Only a slice of the listing below is wanted. Retype the lines from the one containing "r135 top value=51Ω" through the one containing "-83,56.75 r0 top value=51Ω", exactly, both ends included.
*** Opening of WORKING DATA ***
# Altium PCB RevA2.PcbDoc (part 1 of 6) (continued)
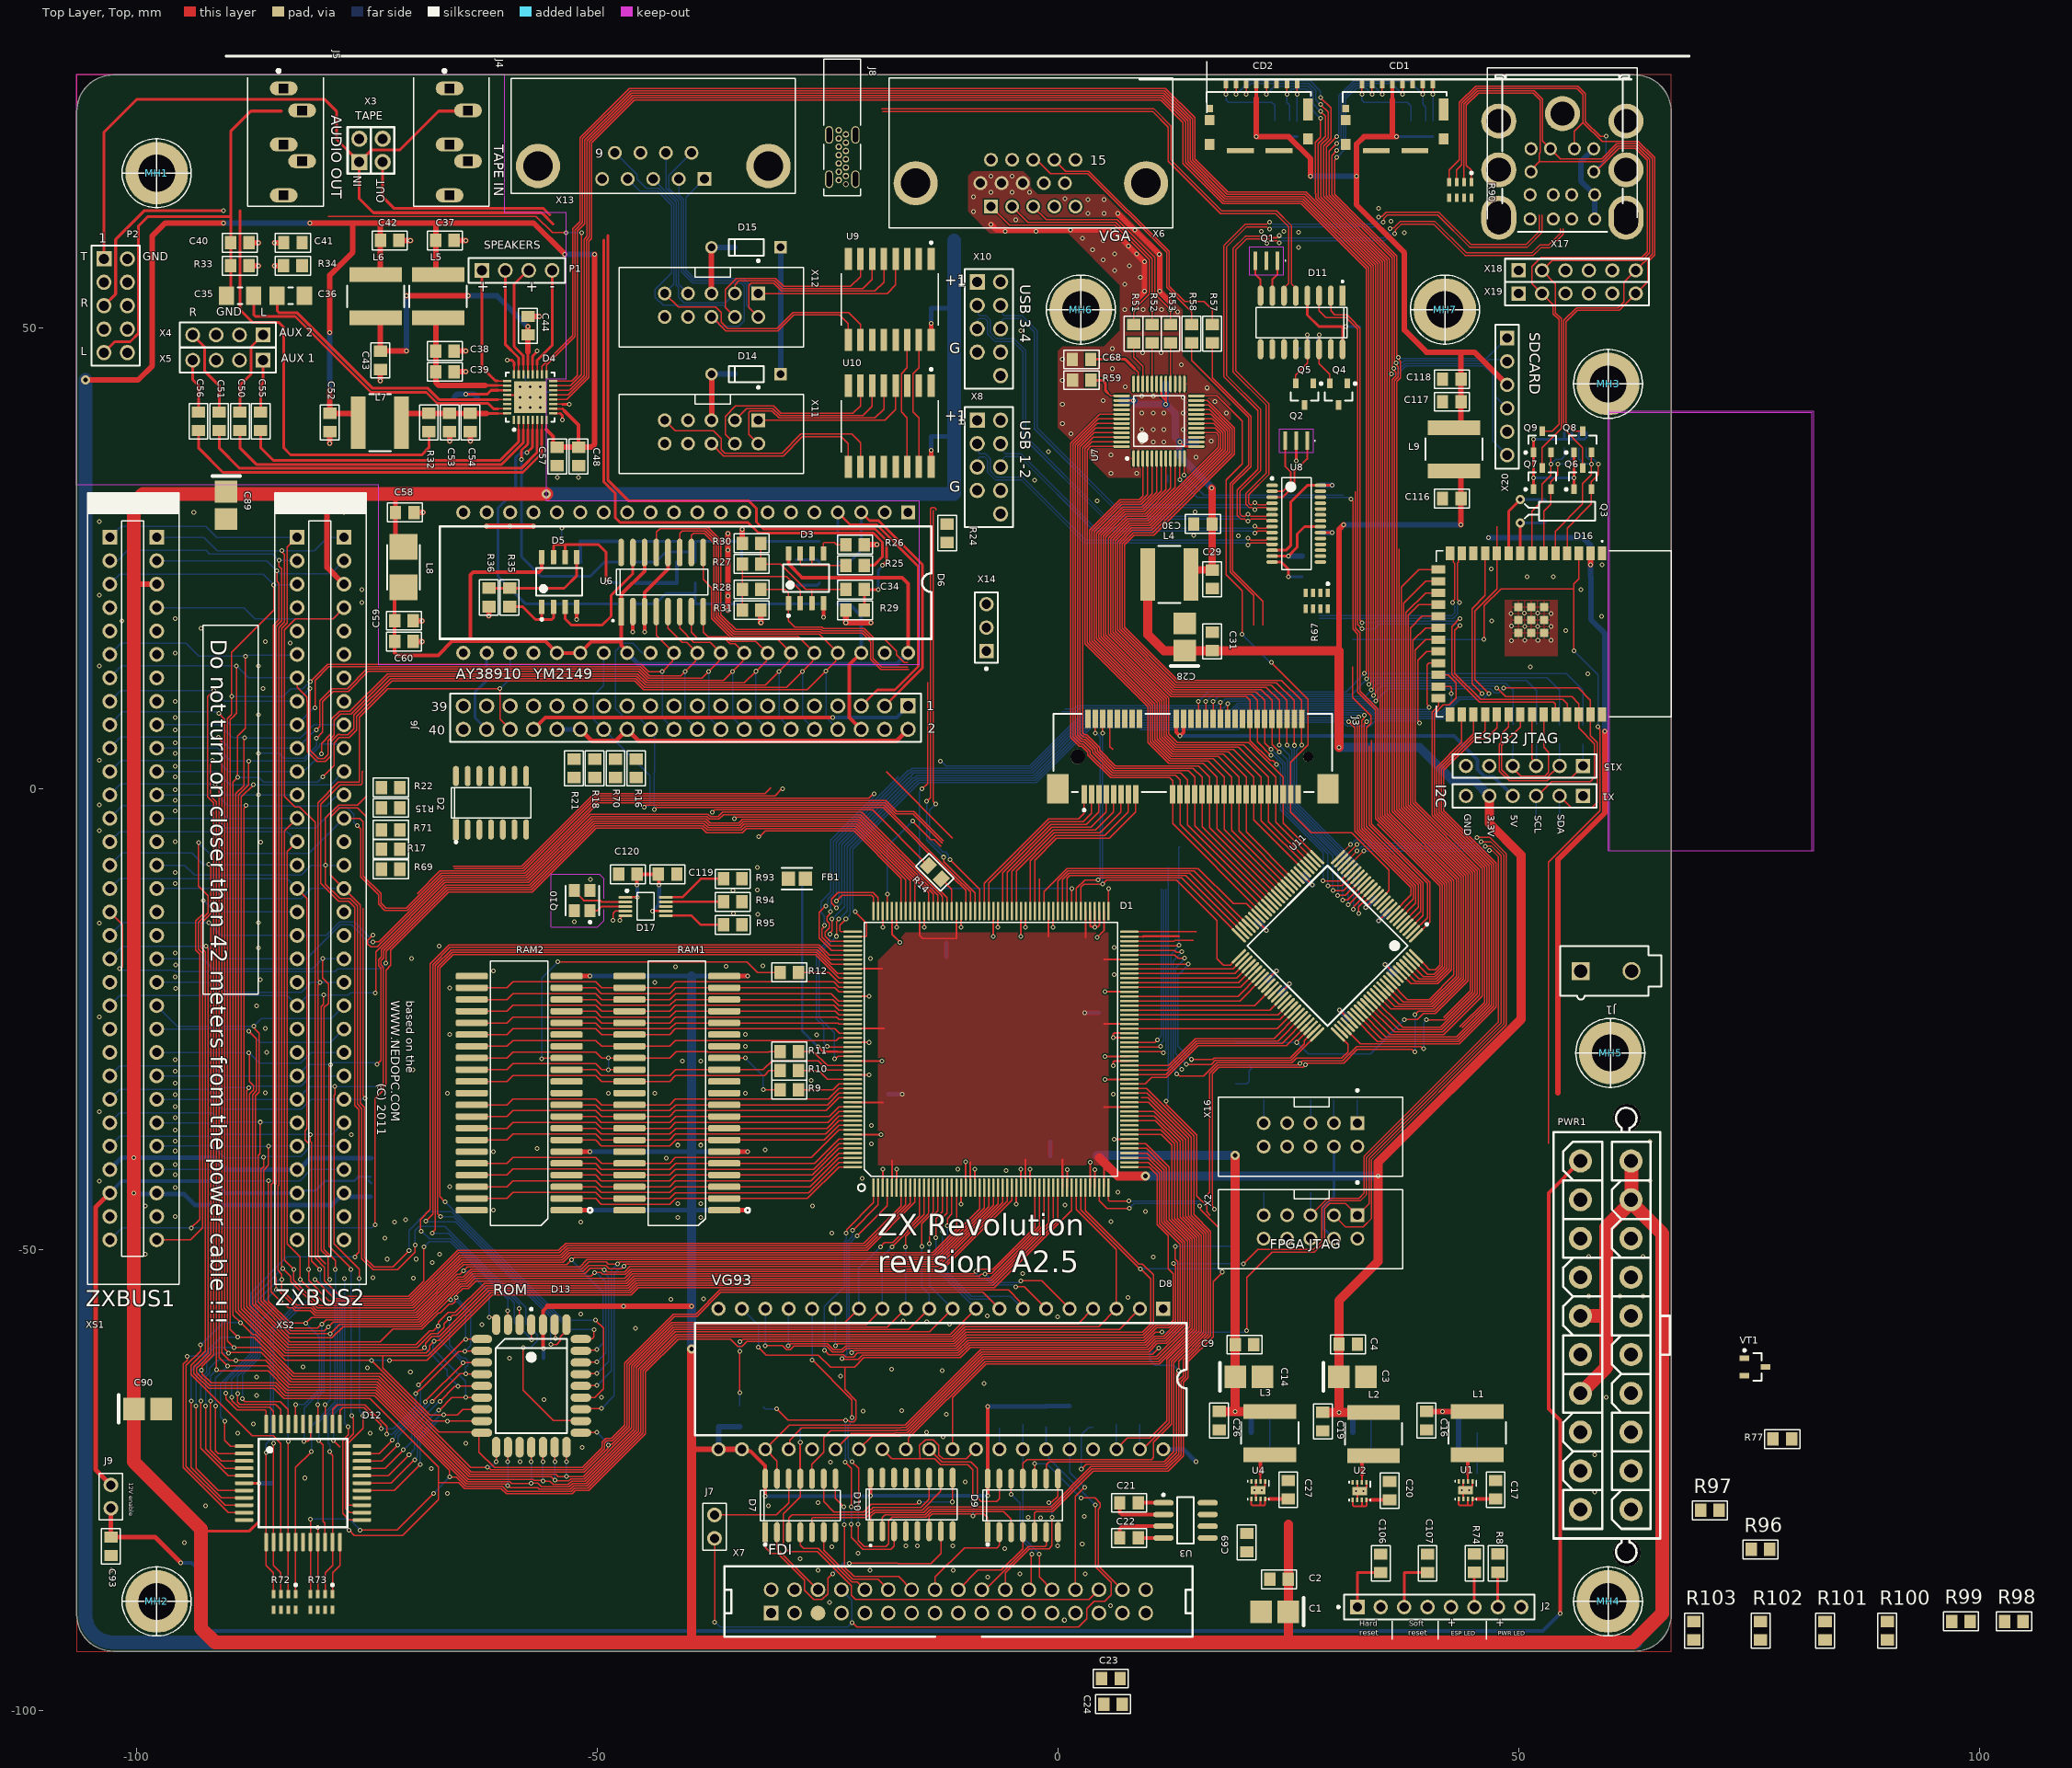
[diagram p0: Top Layer, Top view]
## Components (designator, comment, footprint, x,y, rotation, side; value= is the part's Value field where it differs from the comment) (continued)
J3 "2041262-1" FP-2041262-1-0 14.65,3.9 r0 top locked
J4 "SJ1-3535NG-PI" CUI_SJ1-3535NG-PI -66,76 r270 top
J5 "SJ1-3535NG-PI" CUI_SJ1-3535NG-PI -84,76 r270 top
J6 "61304021121" 61304021121 -40.38,7.73 r180 top locked
J7 "JUMPER" JUMPER_JUMPER(Primary) -37.25,-78.75 r270 top value=PLS-2
J8 "2169890001" 216989-0001_MOL -23,71 r180 top
J9 "JUMPER" JUMPER_JUMPER(Primary) -102.75,-78.04 r90 top value=PLS-2
L1 "NR6028T2R2N" FP-NR6028-MFG 45.5,-69.875 r90 top
L2 "NR6028T2R2N" FP-NR6028-MFG 34.25,-69.975 r90 top
L3 "NR6028T2R2N" FP-NR6028-MFG 23,-69.875 r90 top
L4 "NR6028T470M" FP-NR6028-MFG 12.1,23.25 r0 top
L5 "NR6028T470M" FP-NR6028-MFG -67.25,53.45 r270 top
L6 "NR6028T470M" FP-NR6028-MFG -74,53.45 r270 top
L7 "NR6028T470M" FP-NR6028-MFG -73.55,39.75 r0 top
L8 "LQH43CN220K03L" FP-LQH43CN_03-MFG -71,24.05 r270 top
L9 "NR6028T470M" FP-NR6028-MFG 43,36.85 r90 top
MH1 "MOUNT HOLE" "MOUNT HOLE" -97.78,66.8 r0 top locked
MH2 "MOUNT HOLE" "MOUNT HOLE" -97.78,-88.14 r0 top locked
MH3 "MOUNT HOLE" "MOUNT HOLE" 59.7,43.94 r0 top locked
MH4 "MOUNT HOLE" "MOUNT HOLE" 59.7,-88.14 r0 top locked
MH5 "MOUNT HOLE" "MOUNT HOLE" 59.95,-28.64 r0 top locked
MH6 "MOUNT HOLE" "MOUNT HOLE" 2.5,52 r0 top locked
MH7 "MOUNT HOLE" "MOUNT HOLE" 42,52 r0 top locked
NT1 "net_tie" NET_TIE -55.419,43.061 r180 bottom net-tie
NT2 "net_tie" NET_TIE -57.786,44.419 r90 bottom net-tie
NT3 "net_tie" NET_TIE 11.903,33.669 r90 bottom net-tie
P1 "PLS-4" 61300411121 -58.69,56.25 r0 top value="header 4 pin 2.54mm"
P2 "61301021121" 61301021121 -102.23,52.42 r270 top
PWR1 "ATXPOWER" ATXPOWER 56.706,-78.163 r90 top locked
Q1 "QTAL-12MHz" MURA-CSTCE_G_V 22.631,57.309 r180 top value=CSTCE12M0G55Z-R0
Q2 "QTAL-12MHz" MURA-CSTCE_G_V 25.863,37.774 r180 top value=CSTCE12M0G55Z-R0
Q3 "Crystal 32.768KHZ" ABRA-AB15T-2_V 50.182,30.127 r180 top value=AB15T-32.768KHZ
Q4 "BC817K-25" SOT-23 30.45,42.825 r270 top
Q5 "BC817K-25" SOT-23 26.76,42.825 r270 top
Q6 "BSS138" SOT-23 56.95,33.65 r90 top
Q7 "BSS138" SOT-23 52.55,33.65 r90 top
Q8 "BSS138" SOT-23 56.95,37.65 r90 top
Q9 "BSS138" SOT-23 52.55,37.65 r90 top
Q10 "ABM8G-25MHz" FP-ABM8G-MFG -51.6,-12.1 r90 top value=ABM8G-25.000MHZ-B4Y-T
R1 "CR0805-51" CR0805 44.5,-74.325 r180 bottom value=51Ω
R2 "CR0805-51" CR0805 44.5,-69.825 r180 bottom value=51Ω
R3 "CR0805-51" CR0805 33,-72.025 r180 bottom value=51Ω
R4 "CR0805-51" CR0805 33,-67.625 r180 bottom value=51Ω
R5 "CR0805-51" CR0805 36.5,-49.32 r180 bottom value=51Ω
R6 "CR0805-51" CR0805 22,-72.025 r180 bottom value=51Ω
R7 "CR0805-51" CR0805 22,-67.525 r180 bottom value=51Ω
R8 "CR0805-51" CR0805 47.74,-84 r90 top value=51Ω
R9 "CR0805-51" CR0805 -29.134,-32.625 r180 top value=51Ω
R10 "CR0805-51" CR0805 -29.134,-30.562 r180 top value=51Ω
R11 "CR0805-51" CR0805 -29.136,-28.483 r180 top value=51Ω
R12 "CR0805-51" CR0805 -29.136,-19.903 r180 top value=51Ω
R13 "CR0805-51" CR0805 -11.5,8.75 r90 bottom value=51Ω
R14 "CR0805-51" CR0805 -13.343,-9.038 r135 top value=51Ω
R15 "CR0805-51" CR0805 -72.375,-2.05 r180 top value=51Ω
R16 "CR0805-51" CR0805 -45.75,2.25 r270 top value=51Ω
R17 "CR0805-51" CR0805 -72.375,-6.53 r180 top value=51Ω
R18 "CR0805-51" CR0805 -50.25,2.25 r270 top value=51Ω
R19 "CR0805-51" CR0805 27.42,-43 r270 bottom value=51Ω
R20 "CR0805-51" CR0805 22.34,-43 r270 bottom value=51Ω
R21 "CR0805-51" CR0805 -52.5,2.25 r90 top value=51Ω
R22 "CR0805-51" CR0805 -72.375,0.15 r180 top value=51Ω
R23 "CR0805-51" CR0805 35.25,-47.25 r90 bottom value=51Ω
R24 "CR0805-51" CR0805 -12,27.75 r270 top value=51Ω
R25 "CR0805-51" CR0805 -22,24.25 r0 top value=51Ω
R26 "CR0805-51" CR0805 -22,26.5 r0 top value=51Ω
R27 "CR0805-51" CR0805 -33.23,24.4 r0 top value=51Ω
R28 "CR0805-51" CR0805 -33.23,21.65 r180 top value=51Ω
R29 "CR0805-51" CR0805 -22,19.39 r0 top value=51Ω
R30 "CR0805-51" CR0805 -33.23,26.65 r180 top value=51Ω
R31 "CR0805-51" CR0805 -33.23,19.4 r0 top value=51Ω
R32 "CR0805-51" CR0805 -68.25,39.75 r90 top value=51Ω
R33 "CR0805-51" CR0805 -88.75,56.75 r180 top value=51Ω
R34 "CR0805-51" CR0805 -83,56.75 r0 top value=51Ω
R35 "CR0805-51" CR0805 -59.48,20.775 r270 top value=51Ω
R36 "CR0805-51" CR0805 -61.73,20.775 r90 top value=51Ω
R37 "CR0805-51" CR0805 -40.351,22.345 r0 bottom value=51Ω
R38 "CR0805-51" CR0805 -40.351,24.595 r0 bottom value=51Ω
R39 "CR0805-51" CR0805 -24.851,26.845 r0 bottom value=51Ω
R40 "CR0805-51" CR0805 -24.851,24.595 r0 bottom value=51Ω
R41 "CR0805-51" CR0805 -28.411,25.845 r270 bottom value=51Ω
R42 "CR0805-51" CR0805 -24.851,22.345 r0 bottom value=51Ω
R43 "CR0805-51" CR0805 -28.375,21.095 r90 bottom value=51Ω
R44 "CR0805-51" CR0805 -24.851,20.095 r0 bottom value=51Ω
R45 "CR0805-51" CR0805 -40.351,20.095 r180 bottom value=51Ω
R46 "CR0805-51" CR0805 -40.351,26.845 r180 bottom value=51Ω
R47 "CR0805-51" CR0805 -33.301,22.345 r0 bottom value=51Ω
R48 "CR0805-51" CR0805 -33.301,24.595 r0 bottom value=51Ω
R49 "CR0805-51" CR0805 -52.812,26.845 r180 bottom value=51Ω
R50 "CR0805-51" CR0805 -52.786,24.595 r0 bottom value=51Ω
R51 "CR0805-51" CR0805 8.225,49.375 r90 top value=51Ω
R52 "CR0805-51" CR0805 10.225,49.375 r90 top value=51Ω
R53 "CR0805-51" CR0805 12.225,49.375 r90 top value=51Ω
R54 "CR0805-51" CR0805 12.225,49.375 r90 bottom value=51Ω
R55 "CR0805-51" CR0805 10.225,49.375 r90 bottom value=51Ω
R56 "CR0805-51" CR0805 8.225,49.375 r90 bottom value=51Ω
R57 "CR0805-51" CR0805 16.75,49.375 r90 top value=51Ω
R58 "CR0805-51" CR0805 14.5,49.375 r90 top value=51Ω
R59 "CR0805-51" CR0805 2.58,44.345 r0 top value=51Ω
R60 "CR0805-51" CR0805 -1.25,-67.926 r90 bottom value=51Ω
R61 "CR0805-51" CR0805 -3.8,-67.926 r90 bottom value=51Ω
R62 "CR0805-51" CR0805 1.28,-67.926 r90 bottom value=51Ω
R63 "CR0805-51" CR0805 -27.94,-68.306 r90 bottom value=51Ω
R64 "CAY16-103J4LF" BOUR-CAY16-J4_V 7.961,-66.701 r90 bottom
R65 "CR0805-51" CR0805 3.82,-67.926 r270 bottom value=51Ω
R66 "CR0805-51" CR0805 -31.975,-68.224 r90 bottom value=51Ω
R67 "CAY16-103J4LF" BOUR-CAY16-J4_V 28.1,20.4 r270 top
R68 "CR0805-51" CR0805 27.5,23 r0 bottom value=51Ω
R69 "CR0805-51" CR0805 -72.375,-8.715 r180 top value=51Ω
R70 "CR0805-51" CR0805 -48,2.25 r270 top value=51Ω
R71 "CR0805-51" CR0805 -72.375,-4.44 r0 top value=51Ω
R72 "CAY16-103J4LF" BOUR-CAY16-J4_V -83.9,-88.2 r270 top
R73 "CAY16-103J4LF" BOUR-CAY16-J4_V -79.9,-88.2 r270 top
R74 "CR0805-51" CR0805 45.2,-84 r90 top value=51Ω
R75 "CR0805-51" CR0805 49.38,6 r270 bottom value=51Ω
R76 "CR0805-51" CR0805 18.25,-27.5 r0 bottom value=51Ω
R77 "CR0805-51" CR0805 78.61,-70.525 r0 top value=51Ω
R78 "CR0805-51" CR0805 51.92,5.968 r270 bottom value=51Ω
R79 "CR0805-51" CR0805 54.46,5.875 r270 bottom value=51Ω
R80 "CAY16-103J4LF" BOUR-CAY16-J4_V 26.9,46.9 r270 bottom
R81 "CR0805-51" CR0805 57,5.875 r270 bottom value=51Ω
R82 "CR0805-51" CR0805 51.902,-5 r90 bottom value=51Ω
R83 "CR0805-51" CR0805 54.442,-5 r90 bottom value=51Ω
R84 "CR0805-51" CR0805 32.5,-32.75 r90 bottom value=51Ω
R85 "CR0805-51" CR0805 29.96,-32.75 r90 bottom value=51Ω
R86 "CR0805-51" CR0805 27.42,-32.75 r90 bottom value=51Ω
R87 "CAY16-103J4LF" BOUR-CAY16-J4_V 17.6,-24.1 r0 bottom
R88 "CR0805-51" CR0805 22.34,-32.75 r90 bottom value=51Ω
R89 "CAY16-103J4LF" BOUR-CAY16-J4_V 56.15,37.85 r270 bottom
R90 "CAY16-103J4LF" BOUR-CAY16-J4_V 43.673,64.967 r270 top
R91 "CAY16-103J4LF" BOUR-CAY16-J4_V 24.75,71.608 r270 bottom
R92 "CAY16-103J4LF" BOUR-CAY16-J4_V 39.5,71.608 r270 bottom
R93 "CR0805-51" CR0805 -35.273,-9.75 r0 top value=51Ω
R94 "CR0805-51" CR0805 -35.273,-12.25 r0 top value=51Ω
R95 "CR0805-51" CR0805 -35.273,-14.75 r0 top value=51Ω
R96 "CR0805-51" CR0805 76.25,-82.5 r0 top value=51Ω
R97 "CR0805-51" CR0805 70.75,-78.25 r0 top value=51Ω
R98 "CR0805-51" CR0805 103.749,-90.3 r0 top value=51Ω
R99 "CR0805-51" CR0805 97.999,-90.3 r0 top value=51Ω
R100 "CR0805-51" CR0805 89.999,-91.3 r90 top value=51Ω
R101 "CR0805-51" CR0805 83.249,-91.3 r90 top value=51Ω
R102 "CR0805-51" CR0805 76.249,-91.3 r90 top value=51Ω
R103 "CR0805-51" CR0805 69,-91.3 r90 top value=51Ω
RAM1 "MSM5118160F-JS" SOJ42 -36.2,-45.7 r180 top
RAM2 "MSM5118160F-JS" SOJ42 -53.3,-45.7 r180 top
U1 "TPS62061DSGR" DSG0008A_V 44.25,-76.075 r270 top
U2 "TPS62061DSGR" DSG0008A_V 32.75,-76.175 r270 top
U3 "LTC1263CS8#PBF" LT-S8-8_N 13.863,-79.345 r0 top
U4 "TPS62061DSGR" DSG0008A_V 21.75,-76.075 r270 top
U6 "TLC7524CD" SO16W -42.935,22.445 r90 top
U7 "ADV7125KSTZ140" ST-48_N 10.975,39.895 r90 top
U8 "FE1.1S" TSOP64P600X160-28L 25.875,28.771 r0 top
U9 "PCF8574T/3,518" FP-SOT162-1-MFG -18.245,53.1 r270 top
U10 "PCF8574T/3,518" FP-SOT162-1-MFG -18.245,39.35 r270 top
U11 "EPM240T100C5" TQFP100_M 29.263,-17.015 r225 top locked
VD1 "BAT54C" SOT-23 33,-52.275 r90 bottom
VT1 "BC847" SOT-23 75.65,-62.7 r0 top
X1 "PLS-6" SMTC-TSW-106-07-X-S 56.982,-0.75 r180 top value="6 pin header 2.54mm"
X2 "IDC-10" BH-10 27.42,-47.52 r180 top locked value="10-Pin Shrouded Header, 2.54mm"
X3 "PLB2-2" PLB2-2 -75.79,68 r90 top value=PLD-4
*** Close of WORKING DATA ***
**EXERCISE OUTPUT**:
R14 "CR0805-51" CR0805 -13.343,-9.038 r135 top value=51Ω
R15 "CR0805-51" CR0805 -72.375,-2.05 r180 top value=51Ω
R16 "CR0805-51" CR0805 -45.75,2.25 r270 top value=51Ω
R17 "CR0805-51" CR0805 -72.375,-6.53 r180 top value=51Ω
R18 "CR0805-51" CR0805 -50.25,2.25 r270 top value=51Ω
R19 "CR0805-51" CR0805 27.42,-43 r270 bottom value=51Ω
R20 "CR0805-51" CR0805 22.34,-43 r270 bottom value=51Ω
R21 "CR0805-51" CR0805 -52.5,2.25 r90 top value=51Ω
R22 "CR0805-51" CR0805 -72.375,0.15 r180 top value=51Ω
R23 "CR0805-51" CR0805 35.25,-47.25 r90 bottom value=51Ω
R24 "CR0805-51" CR0805 -12,27.75 r270 top value=51Ω
R25 "CR0805-51" CR0805 -22,24.25 r0 top value=51Ω
R26 "CR0805-51" CR0805 -22,26.5 r0 top value=51Ω
R27 "CR0805-51" CR0805 -33.23,24.4 r0 top value=51Ω
R28 "CR0805-51" CR0805 -33.23,21.65 r180 top value=51Ω
R29 "CR0805-51" CR0805 -22,19.39 r0 top value=51Ω
R30 "CR0805-51" CR0805 -33.23,26.65 r180 top value=51Ω
R31 "CR0805-51" CR0805 -33.23,19.4 r0 top value=51Ω
R32 "CR0805-51" CR0805 -68.25,39.75 r90 top value=51Ω
R33 "CR0805-51" CR0805 -88.75,56.75 r180 top value=51Ω
R34 "CR0805-51" CR0805 -83,56.75 r0 top value=51Ω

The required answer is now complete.